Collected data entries
%%
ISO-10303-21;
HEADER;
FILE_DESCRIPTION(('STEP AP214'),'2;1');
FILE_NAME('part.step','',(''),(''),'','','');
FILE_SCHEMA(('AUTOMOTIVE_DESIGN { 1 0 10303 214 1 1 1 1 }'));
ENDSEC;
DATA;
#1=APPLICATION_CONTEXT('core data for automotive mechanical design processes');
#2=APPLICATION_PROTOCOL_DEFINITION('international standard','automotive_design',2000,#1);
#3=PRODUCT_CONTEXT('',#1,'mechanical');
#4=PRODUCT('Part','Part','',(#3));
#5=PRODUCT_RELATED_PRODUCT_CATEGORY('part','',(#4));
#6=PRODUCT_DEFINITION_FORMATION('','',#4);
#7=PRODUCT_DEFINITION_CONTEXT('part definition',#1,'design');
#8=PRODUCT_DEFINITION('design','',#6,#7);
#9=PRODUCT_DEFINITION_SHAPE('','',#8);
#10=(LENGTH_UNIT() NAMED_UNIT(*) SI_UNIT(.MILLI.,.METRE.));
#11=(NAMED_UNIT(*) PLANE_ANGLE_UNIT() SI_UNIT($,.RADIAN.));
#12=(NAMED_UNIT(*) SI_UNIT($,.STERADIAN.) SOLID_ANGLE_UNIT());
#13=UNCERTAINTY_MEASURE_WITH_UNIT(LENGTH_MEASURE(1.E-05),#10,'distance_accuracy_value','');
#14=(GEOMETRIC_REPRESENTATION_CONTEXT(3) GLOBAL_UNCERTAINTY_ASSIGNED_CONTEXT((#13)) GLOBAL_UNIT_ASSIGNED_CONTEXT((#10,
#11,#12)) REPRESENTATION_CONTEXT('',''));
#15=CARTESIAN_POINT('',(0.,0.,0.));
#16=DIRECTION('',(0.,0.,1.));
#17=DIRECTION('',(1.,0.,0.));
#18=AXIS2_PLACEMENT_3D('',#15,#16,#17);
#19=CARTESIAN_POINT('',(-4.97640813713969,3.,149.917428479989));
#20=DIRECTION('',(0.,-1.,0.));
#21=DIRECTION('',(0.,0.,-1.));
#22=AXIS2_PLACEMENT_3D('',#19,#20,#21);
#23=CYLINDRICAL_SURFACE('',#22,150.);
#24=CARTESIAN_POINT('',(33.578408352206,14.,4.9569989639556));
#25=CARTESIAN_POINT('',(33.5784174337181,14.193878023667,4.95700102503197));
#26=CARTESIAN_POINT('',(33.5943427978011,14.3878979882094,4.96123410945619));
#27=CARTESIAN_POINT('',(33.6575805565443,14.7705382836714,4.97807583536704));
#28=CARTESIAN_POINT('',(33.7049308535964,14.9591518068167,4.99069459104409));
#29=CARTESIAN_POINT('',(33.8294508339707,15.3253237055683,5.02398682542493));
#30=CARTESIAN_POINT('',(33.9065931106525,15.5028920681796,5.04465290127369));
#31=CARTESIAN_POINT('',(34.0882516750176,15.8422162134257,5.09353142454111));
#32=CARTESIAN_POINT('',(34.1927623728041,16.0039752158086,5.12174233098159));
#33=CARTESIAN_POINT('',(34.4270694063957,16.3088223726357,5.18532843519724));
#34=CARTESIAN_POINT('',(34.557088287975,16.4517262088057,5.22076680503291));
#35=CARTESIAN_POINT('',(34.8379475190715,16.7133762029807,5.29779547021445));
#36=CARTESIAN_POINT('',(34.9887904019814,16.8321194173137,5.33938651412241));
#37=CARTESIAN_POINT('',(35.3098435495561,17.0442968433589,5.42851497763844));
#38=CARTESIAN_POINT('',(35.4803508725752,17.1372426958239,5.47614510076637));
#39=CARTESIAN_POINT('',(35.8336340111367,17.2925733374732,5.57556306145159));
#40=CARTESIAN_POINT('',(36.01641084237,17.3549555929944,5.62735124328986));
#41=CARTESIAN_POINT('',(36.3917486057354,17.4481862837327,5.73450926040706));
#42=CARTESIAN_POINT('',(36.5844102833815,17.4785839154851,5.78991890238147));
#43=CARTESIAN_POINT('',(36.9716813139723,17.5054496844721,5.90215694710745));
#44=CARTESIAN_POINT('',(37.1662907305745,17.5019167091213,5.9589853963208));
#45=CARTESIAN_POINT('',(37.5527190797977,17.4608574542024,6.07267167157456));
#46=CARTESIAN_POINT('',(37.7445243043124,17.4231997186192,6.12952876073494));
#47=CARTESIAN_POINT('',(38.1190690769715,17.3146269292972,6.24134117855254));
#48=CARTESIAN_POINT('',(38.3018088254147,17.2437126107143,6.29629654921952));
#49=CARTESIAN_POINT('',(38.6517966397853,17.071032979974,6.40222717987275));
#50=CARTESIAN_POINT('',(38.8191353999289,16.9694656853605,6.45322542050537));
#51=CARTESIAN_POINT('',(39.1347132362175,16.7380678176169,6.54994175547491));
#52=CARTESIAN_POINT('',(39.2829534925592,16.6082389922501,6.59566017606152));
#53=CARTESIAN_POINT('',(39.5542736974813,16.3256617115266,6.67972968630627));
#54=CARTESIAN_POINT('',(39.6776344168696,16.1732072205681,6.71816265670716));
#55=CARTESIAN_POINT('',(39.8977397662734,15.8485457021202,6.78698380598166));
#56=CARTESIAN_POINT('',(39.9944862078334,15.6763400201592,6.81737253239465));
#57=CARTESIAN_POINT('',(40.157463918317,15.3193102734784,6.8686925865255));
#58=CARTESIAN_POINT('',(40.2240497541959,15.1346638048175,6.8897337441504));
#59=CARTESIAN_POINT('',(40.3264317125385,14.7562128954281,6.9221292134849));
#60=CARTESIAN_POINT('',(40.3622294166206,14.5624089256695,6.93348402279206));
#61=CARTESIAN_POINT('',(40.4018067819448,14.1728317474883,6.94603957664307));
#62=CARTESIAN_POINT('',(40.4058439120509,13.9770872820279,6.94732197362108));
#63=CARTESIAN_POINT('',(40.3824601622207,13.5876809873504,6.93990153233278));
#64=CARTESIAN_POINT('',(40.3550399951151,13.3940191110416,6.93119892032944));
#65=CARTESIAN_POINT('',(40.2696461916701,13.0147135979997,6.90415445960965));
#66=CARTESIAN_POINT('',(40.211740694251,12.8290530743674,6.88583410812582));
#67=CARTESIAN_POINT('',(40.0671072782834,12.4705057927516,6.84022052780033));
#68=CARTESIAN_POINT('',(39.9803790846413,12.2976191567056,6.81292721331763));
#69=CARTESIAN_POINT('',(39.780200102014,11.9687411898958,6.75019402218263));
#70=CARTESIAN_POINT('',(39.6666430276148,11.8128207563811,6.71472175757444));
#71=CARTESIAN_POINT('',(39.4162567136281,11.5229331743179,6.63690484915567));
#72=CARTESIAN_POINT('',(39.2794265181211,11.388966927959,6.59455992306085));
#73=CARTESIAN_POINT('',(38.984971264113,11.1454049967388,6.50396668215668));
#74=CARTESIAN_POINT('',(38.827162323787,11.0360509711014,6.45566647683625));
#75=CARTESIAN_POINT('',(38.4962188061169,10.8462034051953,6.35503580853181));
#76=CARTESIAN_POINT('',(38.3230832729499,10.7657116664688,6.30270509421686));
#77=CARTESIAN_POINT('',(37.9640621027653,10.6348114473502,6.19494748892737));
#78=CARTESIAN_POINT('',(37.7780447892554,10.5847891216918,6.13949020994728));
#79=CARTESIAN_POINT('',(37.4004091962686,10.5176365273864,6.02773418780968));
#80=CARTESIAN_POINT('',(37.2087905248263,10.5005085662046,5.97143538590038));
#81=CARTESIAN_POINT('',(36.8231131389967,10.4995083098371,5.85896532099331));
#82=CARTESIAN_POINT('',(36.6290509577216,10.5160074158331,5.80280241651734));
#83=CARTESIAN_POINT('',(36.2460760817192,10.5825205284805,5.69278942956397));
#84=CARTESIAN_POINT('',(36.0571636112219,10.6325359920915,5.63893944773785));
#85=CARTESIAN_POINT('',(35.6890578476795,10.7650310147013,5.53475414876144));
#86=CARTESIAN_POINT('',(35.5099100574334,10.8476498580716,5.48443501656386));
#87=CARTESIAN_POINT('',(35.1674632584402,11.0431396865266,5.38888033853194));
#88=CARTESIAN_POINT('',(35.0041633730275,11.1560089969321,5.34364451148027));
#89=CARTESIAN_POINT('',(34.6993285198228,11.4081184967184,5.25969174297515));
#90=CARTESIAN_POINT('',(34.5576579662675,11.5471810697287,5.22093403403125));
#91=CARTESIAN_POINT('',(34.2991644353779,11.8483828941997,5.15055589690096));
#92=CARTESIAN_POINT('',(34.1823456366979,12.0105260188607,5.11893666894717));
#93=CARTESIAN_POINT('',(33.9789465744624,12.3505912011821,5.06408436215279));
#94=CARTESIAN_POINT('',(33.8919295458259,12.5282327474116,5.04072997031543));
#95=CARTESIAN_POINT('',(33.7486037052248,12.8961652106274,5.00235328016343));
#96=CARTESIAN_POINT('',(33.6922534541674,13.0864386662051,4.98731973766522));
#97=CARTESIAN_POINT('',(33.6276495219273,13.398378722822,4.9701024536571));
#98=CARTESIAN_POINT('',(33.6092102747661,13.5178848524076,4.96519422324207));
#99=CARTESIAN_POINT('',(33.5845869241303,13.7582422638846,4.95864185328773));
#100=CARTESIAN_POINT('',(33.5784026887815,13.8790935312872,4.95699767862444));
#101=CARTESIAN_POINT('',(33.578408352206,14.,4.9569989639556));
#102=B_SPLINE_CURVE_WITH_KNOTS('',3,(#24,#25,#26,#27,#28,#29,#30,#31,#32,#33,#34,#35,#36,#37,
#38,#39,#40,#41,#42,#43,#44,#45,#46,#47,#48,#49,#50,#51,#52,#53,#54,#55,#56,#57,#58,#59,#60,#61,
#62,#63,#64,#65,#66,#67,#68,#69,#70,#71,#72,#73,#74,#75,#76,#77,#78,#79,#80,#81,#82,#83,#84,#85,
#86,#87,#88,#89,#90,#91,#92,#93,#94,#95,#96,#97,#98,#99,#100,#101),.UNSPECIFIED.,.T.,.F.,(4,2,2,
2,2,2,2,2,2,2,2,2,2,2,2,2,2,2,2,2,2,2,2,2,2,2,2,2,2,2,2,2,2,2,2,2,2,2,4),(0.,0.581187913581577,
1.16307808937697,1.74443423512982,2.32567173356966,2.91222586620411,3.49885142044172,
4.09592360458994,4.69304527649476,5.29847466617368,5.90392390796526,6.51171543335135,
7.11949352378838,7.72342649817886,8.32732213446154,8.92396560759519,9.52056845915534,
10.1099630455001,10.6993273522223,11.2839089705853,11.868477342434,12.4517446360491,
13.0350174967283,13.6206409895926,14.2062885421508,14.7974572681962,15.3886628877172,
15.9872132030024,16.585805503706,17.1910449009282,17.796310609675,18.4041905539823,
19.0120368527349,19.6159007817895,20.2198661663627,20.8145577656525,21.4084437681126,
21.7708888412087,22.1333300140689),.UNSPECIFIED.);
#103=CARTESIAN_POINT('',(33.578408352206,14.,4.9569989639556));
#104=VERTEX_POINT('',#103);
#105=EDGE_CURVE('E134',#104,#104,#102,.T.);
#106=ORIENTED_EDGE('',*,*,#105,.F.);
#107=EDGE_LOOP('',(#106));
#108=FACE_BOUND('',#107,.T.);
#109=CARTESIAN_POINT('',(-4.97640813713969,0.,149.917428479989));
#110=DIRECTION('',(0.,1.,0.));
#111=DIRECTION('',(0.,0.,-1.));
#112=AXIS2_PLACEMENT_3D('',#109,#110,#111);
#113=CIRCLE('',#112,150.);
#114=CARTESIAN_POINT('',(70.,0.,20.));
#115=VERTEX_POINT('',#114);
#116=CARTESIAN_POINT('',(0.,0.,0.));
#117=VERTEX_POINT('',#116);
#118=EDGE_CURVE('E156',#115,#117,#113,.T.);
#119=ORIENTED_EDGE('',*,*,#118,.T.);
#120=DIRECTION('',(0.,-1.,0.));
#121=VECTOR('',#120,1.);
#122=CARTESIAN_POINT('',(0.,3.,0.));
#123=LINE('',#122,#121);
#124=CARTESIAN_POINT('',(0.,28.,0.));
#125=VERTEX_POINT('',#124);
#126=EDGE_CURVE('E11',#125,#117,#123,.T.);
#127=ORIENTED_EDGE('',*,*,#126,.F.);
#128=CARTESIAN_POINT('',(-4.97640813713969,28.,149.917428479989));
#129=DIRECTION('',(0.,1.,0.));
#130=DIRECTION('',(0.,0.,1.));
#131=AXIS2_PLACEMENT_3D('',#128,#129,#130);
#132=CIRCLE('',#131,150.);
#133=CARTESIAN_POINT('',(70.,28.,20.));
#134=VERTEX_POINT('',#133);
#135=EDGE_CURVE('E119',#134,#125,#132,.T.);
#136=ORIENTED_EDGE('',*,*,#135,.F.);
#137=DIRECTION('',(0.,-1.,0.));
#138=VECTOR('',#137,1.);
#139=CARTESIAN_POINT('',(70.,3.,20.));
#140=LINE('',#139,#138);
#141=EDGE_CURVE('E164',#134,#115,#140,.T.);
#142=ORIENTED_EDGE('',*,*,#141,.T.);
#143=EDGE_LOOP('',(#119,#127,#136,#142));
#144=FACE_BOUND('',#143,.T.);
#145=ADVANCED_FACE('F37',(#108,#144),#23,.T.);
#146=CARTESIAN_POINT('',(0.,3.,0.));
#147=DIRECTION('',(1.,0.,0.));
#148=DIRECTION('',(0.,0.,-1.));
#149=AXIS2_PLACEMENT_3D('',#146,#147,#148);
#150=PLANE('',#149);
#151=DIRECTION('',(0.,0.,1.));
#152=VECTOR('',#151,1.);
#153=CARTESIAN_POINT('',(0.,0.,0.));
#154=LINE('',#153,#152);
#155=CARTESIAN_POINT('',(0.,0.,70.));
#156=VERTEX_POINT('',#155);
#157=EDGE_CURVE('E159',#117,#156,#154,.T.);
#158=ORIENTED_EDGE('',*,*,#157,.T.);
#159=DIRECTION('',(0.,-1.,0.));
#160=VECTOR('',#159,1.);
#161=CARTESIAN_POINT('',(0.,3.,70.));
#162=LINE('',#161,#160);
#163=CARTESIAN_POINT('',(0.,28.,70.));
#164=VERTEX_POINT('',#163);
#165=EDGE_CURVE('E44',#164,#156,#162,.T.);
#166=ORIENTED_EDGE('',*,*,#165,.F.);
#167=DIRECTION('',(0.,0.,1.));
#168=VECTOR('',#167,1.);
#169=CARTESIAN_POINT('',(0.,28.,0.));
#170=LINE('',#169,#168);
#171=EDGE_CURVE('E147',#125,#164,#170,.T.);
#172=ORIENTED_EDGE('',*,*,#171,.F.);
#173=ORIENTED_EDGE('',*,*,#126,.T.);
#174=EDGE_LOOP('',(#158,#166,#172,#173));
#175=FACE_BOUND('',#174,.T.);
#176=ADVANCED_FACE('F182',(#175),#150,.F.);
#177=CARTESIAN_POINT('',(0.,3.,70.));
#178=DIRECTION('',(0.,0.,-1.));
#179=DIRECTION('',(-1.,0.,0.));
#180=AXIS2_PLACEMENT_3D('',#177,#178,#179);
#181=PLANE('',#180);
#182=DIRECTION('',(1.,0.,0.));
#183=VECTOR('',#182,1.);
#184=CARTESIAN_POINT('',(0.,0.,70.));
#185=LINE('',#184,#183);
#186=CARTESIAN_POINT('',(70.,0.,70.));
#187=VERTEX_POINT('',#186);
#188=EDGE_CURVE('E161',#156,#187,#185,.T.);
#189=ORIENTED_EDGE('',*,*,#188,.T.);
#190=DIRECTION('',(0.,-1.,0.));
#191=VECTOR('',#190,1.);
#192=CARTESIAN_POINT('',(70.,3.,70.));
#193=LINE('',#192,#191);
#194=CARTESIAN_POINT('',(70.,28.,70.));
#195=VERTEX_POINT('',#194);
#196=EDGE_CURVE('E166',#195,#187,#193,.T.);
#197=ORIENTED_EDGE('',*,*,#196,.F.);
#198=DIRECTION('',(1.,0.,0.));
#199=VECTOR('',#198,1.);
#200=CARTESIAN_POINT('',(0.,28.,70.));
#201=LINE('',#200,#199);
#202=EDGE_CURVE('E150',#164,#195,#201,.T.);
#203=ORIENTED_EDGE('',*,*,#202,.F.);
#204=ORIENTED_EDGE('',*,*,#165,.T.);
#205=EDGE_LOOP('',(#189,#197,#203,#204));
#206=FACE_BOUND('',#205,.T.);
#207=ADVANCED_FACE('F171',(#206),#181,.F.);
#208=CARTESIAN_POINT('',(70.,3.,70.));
%%
§ Instructions to follow
Nothing but the lines from the first line of the data through the line with "#1=APPLICATION_CONTEXT('core data for" should be returned, exactly as they appear, both ends included.

§ Solution for this task
ISO-10303-21;
HEADER;
FILE_DESCRIPTION(('STEP AP214'),'2;1');
FILE_NAME('part.step','',(''),(''),'','','');
FILE_SCHEMA(('AUTOMOTIVE_DESIGN { 1 0 10303 214 1 1 1 1 }'));
ENDSEC;
DATA;
#1=APPLICATION_CONTEXT('core data for automotive mechanical design processes');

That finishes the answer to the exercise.